**PROBLEM REQUIREMENTS**: Filter the data for "entities" and copy matching lines.

Extracted records:

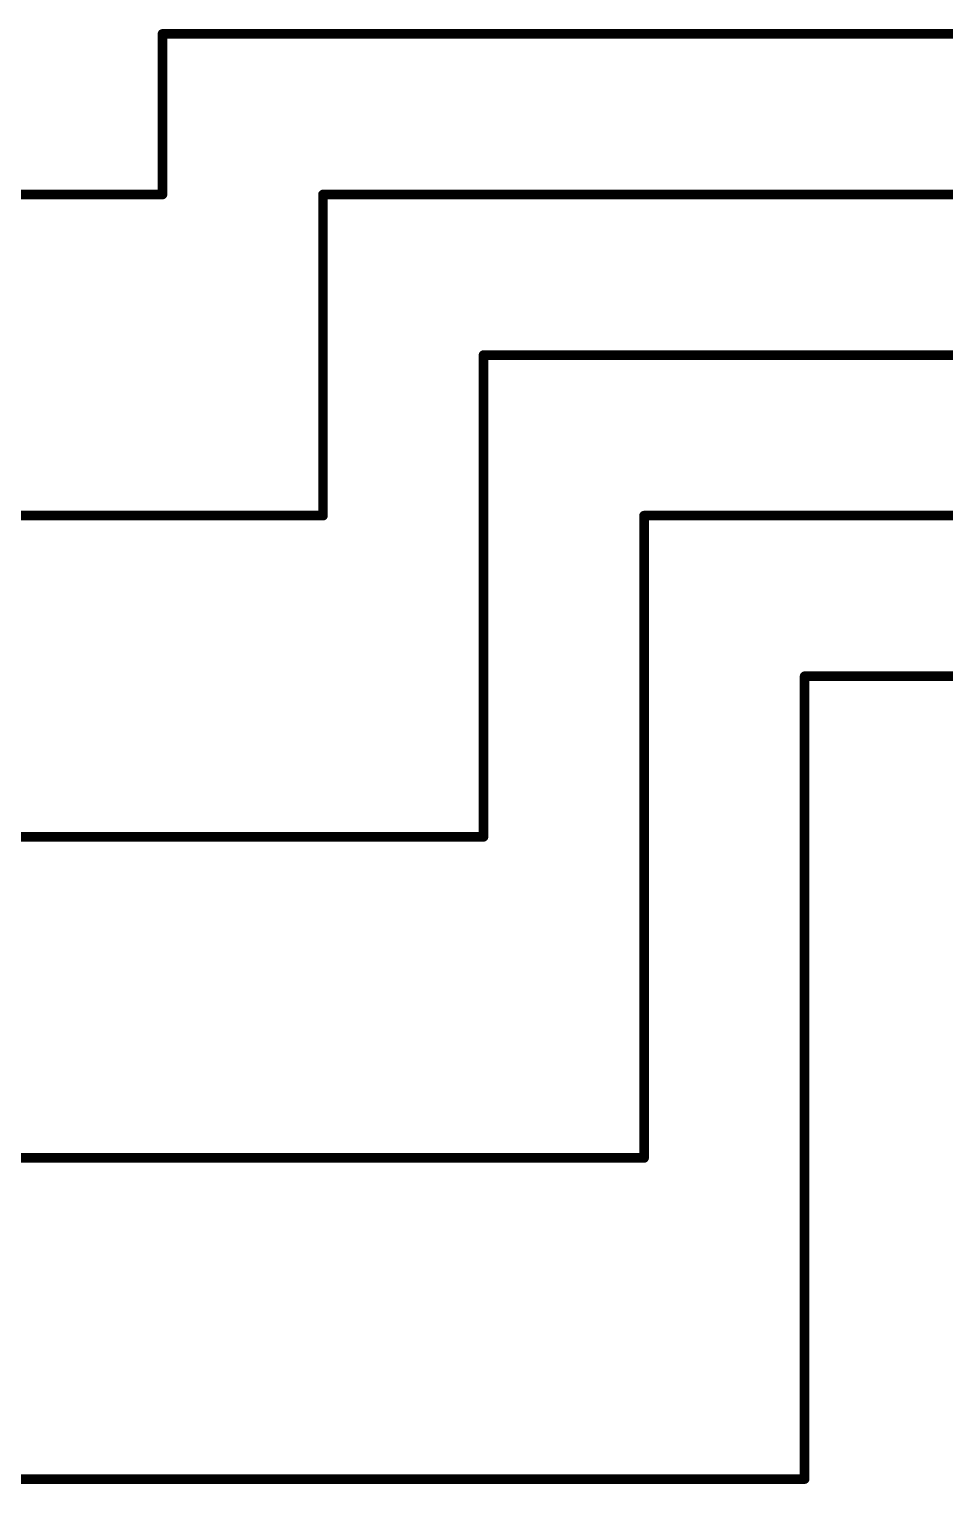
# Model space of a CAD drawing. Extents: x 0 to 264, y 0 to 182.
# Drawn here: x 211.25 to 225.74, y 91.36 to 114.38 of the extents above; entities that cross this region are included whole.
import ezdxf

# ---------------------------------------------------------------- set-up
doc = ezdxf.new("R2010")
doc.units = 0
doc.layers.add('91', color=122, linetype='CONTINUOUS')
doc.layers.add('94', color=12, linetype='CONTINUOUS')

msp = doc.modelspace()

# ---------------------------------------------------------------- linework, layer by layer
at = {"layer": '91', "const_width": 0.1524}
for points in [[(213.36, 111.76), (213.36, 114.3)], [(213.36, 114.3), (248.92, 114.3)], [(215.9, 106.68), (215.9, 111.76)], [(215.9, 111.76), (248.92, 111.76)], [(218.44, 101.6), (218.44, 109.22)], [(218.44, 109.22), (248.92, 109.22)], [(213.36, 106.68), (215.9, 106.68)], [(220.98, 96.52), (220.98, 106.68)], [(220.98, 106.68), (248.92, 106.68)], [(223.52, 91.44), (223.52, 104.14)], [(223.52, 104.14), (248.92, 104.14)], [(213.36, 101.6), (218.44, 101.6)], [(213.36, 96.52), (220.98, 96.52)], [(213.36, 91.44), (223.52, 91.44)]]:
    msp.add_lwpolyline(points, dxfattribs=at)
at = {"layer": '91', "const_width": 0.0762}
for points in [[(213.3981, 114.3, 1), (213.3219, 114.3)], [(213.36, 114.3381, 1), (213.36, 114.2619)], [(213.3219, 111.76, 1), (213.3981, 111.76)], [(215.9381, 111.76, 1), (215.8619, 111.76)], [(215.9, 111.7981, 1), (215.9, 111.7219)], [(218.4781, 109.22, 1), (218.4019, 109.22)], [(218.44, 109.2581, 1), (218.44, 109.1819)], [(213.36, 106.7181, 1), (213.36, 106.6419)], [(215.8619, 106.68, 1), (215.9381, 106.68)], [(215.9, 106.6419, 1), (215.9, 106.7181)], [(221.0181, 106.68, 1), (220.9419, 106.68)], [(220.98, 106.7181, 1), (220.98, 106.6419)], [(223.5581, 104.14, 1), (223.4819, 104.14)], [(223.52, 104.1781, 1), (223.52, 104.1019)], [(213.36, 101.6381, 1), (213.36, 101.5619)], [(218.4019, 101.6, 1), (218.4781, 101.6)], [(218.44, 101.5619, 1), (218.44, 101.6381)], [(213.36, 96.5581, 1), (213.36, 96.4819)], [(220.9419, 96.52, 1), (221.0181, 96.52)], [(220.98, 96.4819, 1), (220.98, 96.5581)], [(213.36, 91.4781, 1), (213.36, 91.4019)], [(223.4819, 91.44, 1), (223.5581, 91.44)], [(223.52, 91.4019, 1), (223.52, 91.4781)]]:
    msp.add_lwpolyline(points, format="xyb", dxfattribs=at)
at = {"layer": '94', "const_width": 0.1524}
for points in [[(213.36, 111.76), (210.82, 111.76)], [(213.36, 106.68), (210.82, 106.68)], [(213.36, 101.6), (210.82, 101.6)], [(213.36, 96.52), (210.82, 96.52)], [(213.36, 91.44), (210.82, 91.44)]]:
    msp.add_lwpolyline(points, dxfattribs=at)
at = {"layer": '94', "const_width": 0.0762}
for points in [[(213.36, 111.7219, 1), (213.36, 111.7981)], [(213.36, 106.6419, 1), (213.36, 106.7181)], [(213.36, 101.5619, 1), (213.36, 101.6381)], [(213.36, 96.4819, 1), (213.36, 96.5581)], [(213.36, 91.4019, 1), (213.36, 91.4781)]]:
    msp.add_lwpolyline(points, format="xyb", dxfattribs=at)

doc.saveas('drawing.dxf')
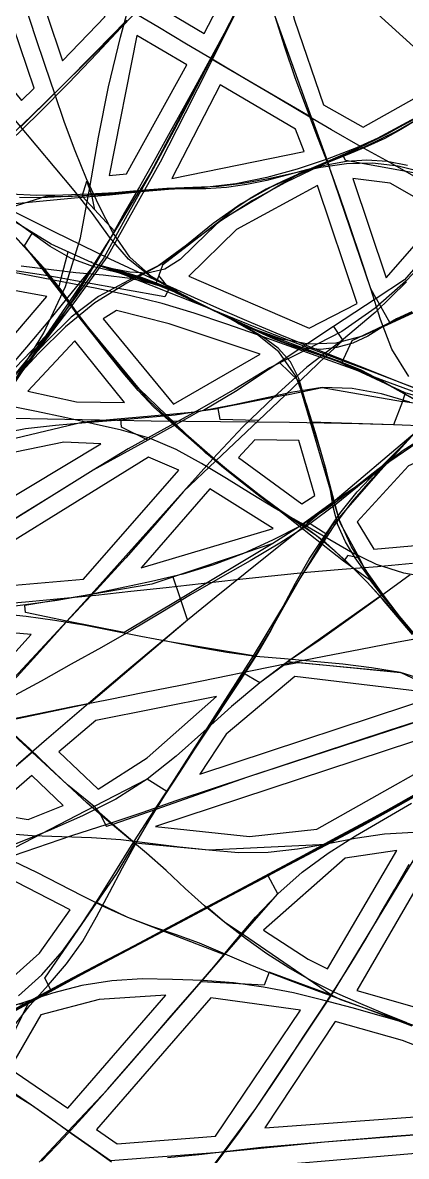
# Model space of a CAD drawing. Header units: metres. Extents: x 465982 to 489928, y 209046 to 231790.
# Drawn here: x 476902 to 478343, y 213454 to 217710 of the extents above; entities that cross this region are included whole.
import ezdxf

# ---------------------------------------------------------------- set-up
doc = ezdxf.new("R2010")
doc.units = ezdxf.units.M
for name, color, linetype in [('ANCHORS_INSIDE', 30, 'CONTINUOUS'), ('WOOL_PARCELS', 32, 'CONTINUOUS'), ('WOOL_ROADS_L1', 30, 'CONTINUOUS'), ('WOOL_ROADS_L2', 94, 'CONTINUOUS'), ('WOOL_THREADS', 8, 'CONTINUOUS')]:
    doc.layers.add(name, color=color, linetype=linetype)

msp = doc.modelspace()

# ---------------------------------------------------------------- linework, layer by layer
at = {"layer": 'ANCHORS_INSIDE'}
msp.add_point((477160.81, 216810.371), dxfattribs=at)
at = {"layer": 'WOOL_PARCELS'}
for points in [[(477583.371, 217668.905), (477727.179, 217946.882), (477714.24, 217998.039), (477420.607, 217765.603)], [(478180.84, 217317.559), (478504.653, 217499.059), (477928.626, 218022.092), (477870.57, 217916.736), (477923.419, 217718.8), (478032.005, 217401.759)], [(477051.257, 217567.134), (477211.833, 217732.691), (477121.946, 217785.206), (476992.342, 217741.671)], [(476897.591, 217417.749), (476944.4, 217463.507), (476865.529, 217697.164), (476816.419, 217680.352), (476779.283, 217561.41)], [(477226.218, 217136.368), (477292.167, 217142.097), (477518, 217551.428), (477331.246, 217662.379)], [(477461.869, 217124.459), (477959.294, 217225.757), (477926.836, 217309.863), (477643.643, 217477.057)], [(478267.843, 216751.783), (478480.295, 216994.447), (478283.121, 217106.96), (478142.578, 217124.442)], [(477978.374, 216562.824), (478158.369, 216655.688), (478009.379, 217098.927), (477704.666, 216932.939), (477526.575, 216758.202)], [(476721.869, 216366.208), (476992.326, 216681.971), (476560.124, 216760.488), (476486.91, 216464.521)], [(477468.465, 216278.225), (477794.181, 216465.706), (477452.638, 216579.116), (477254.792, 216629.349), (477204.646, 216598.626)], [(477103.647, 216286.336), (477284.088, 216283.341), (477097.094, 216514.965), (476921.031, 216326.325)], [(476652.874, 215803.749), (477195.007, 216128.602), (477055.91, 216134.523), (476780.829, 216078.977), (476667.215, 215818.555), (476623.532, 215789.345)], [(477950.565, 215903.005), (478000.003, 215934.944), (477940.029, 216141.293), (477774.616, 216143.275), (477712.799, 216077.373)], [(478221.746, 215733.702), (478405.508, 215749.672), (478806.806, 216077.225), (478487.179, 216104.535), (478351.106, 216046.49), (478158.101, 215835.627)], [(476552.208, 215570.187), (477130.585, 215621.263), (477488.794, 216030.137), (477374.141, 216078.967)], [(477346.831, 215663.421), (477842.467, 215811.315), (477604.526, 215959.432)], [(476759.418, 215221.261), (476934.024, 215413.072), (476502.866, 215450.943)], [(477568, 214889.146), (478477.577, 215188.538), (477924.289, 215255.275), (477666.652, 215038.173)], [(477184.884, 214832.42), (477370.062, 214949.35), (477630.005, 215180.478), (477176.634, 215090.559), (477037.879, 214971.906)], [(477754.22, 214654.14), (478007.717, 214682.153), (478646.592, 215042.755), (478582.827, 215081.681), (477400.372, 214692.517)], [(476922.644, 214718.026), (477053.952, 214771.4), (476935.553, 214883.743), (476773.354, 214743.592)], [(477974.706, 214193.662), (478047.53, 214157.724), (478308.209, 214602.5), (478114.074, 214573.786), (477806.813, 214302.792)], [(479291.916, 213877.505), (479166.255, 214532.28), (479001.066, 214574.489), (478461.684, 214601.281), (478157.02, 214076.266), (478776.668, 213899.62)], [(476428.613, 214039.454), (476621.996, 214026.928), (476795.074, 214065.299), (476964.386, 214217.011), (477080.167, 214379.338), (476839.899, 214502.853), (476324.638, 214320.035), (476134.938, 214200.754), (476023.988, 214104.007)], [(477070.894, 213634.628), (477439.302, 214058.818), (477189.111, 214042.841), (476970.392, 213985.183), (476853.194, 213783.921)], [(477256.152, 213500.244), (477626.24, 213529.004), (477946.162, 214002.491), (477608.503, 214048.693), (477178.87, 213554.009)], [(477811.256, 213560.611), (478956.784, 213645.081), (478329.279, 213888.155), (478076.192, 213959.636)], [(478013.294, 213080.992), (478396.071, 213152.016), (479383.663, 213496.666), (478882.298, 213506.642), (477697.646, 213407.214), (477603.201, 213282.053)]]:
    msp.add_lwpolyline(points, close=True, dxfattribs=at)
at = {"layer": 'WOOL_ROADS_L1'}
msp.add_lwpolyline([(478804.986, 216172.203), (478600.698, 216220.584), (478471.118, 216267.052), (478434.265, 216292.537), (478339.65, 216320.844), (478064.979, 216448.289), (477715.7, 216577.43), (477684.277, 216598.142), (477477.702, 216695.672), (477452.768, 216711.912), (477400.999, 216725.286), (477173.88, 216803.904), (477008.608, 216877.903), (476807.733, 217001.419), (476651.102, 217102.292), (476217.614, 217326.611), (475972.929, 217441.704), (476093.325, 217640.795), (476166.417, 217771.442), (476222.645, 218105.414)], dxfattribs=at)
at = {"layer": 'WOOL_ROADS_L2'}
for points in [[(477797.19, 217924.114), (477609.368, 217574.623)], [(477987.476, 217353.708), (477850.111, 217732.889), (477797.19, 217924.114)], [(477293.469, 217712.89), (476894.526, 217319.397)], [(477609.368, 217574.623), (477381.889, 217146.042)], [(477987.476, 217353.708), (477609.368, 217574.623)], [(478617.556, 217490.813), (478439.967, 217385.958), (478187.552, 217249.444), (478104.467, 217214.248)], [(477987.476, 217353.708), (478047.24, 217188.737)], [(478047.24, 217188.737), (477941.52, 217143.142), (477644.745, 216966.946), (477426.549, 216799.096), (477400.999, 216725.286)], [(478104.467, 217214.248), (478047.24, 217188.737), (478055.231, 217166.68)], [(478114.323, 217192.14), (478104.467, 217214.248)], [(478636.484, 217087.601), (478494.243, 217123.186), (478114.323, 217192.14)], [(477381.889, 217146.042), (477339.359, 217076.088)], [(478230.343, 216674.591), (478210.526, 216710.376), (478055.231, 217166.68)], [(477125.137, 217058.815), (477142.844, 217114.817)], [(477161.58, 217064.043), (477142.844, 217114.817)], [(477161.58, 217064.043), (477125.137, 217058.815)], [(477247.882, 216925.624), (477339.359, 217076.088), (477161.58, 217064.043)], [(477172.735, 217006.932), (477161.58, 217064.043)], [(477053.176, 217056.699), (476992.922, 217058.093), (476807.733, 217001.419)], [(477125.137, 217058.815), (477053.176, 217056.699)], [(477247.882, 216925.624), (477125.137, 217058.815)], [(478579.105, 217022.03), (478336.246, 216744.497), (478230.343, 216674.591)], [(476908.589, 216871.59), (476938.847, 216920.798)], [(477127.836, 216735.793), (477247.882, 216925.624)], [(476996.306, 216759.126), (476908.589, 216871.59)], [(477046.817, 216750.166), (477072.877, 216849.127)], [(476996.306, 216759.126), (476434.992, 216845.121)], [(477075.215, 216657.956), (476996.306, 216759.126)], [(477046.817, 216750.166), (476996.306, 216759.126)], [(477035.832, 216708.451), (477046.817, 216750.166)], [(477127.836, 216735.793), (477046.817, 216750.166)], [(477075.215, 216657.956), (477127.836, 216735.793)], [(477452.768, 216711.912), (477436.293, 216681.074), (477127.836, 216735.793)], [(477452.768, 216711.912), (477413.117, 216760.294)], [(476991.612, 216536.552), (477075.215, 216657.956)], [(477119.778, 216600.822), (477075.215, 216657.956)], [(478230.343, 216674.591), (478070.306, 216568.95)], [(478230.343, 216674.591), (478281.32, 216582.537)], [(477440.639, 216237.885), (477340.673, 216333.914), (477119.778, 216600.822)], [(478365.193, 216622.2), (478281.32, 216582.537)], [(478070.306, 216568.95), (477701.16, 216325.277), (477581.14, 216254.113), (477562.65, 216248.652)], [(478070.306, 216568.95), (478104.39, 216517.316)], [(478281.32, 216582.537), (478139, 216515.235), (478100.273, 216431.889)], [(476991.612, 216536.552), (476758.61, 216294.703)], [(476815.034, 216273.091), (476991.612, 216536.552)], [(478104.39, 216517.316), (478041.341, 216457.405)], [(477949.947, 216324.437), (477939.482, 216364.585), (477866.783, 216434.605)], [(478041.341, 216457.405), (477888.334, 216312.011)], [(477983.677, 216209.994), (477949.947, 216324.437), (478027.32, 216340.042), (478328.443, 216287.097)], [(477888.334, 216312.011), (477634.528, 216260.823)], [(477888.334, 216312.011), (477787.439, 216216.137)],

**EXERCISE ANSWER**:
# Drawn here: x 211.25 to 225.74, y 91.36 to 114.38 of the extents above; entities that cross this region are included whole.
# Drawn here: x 476902 to 478343, y 213454 to 217710 of the extents above; entities that cross this region are included whole.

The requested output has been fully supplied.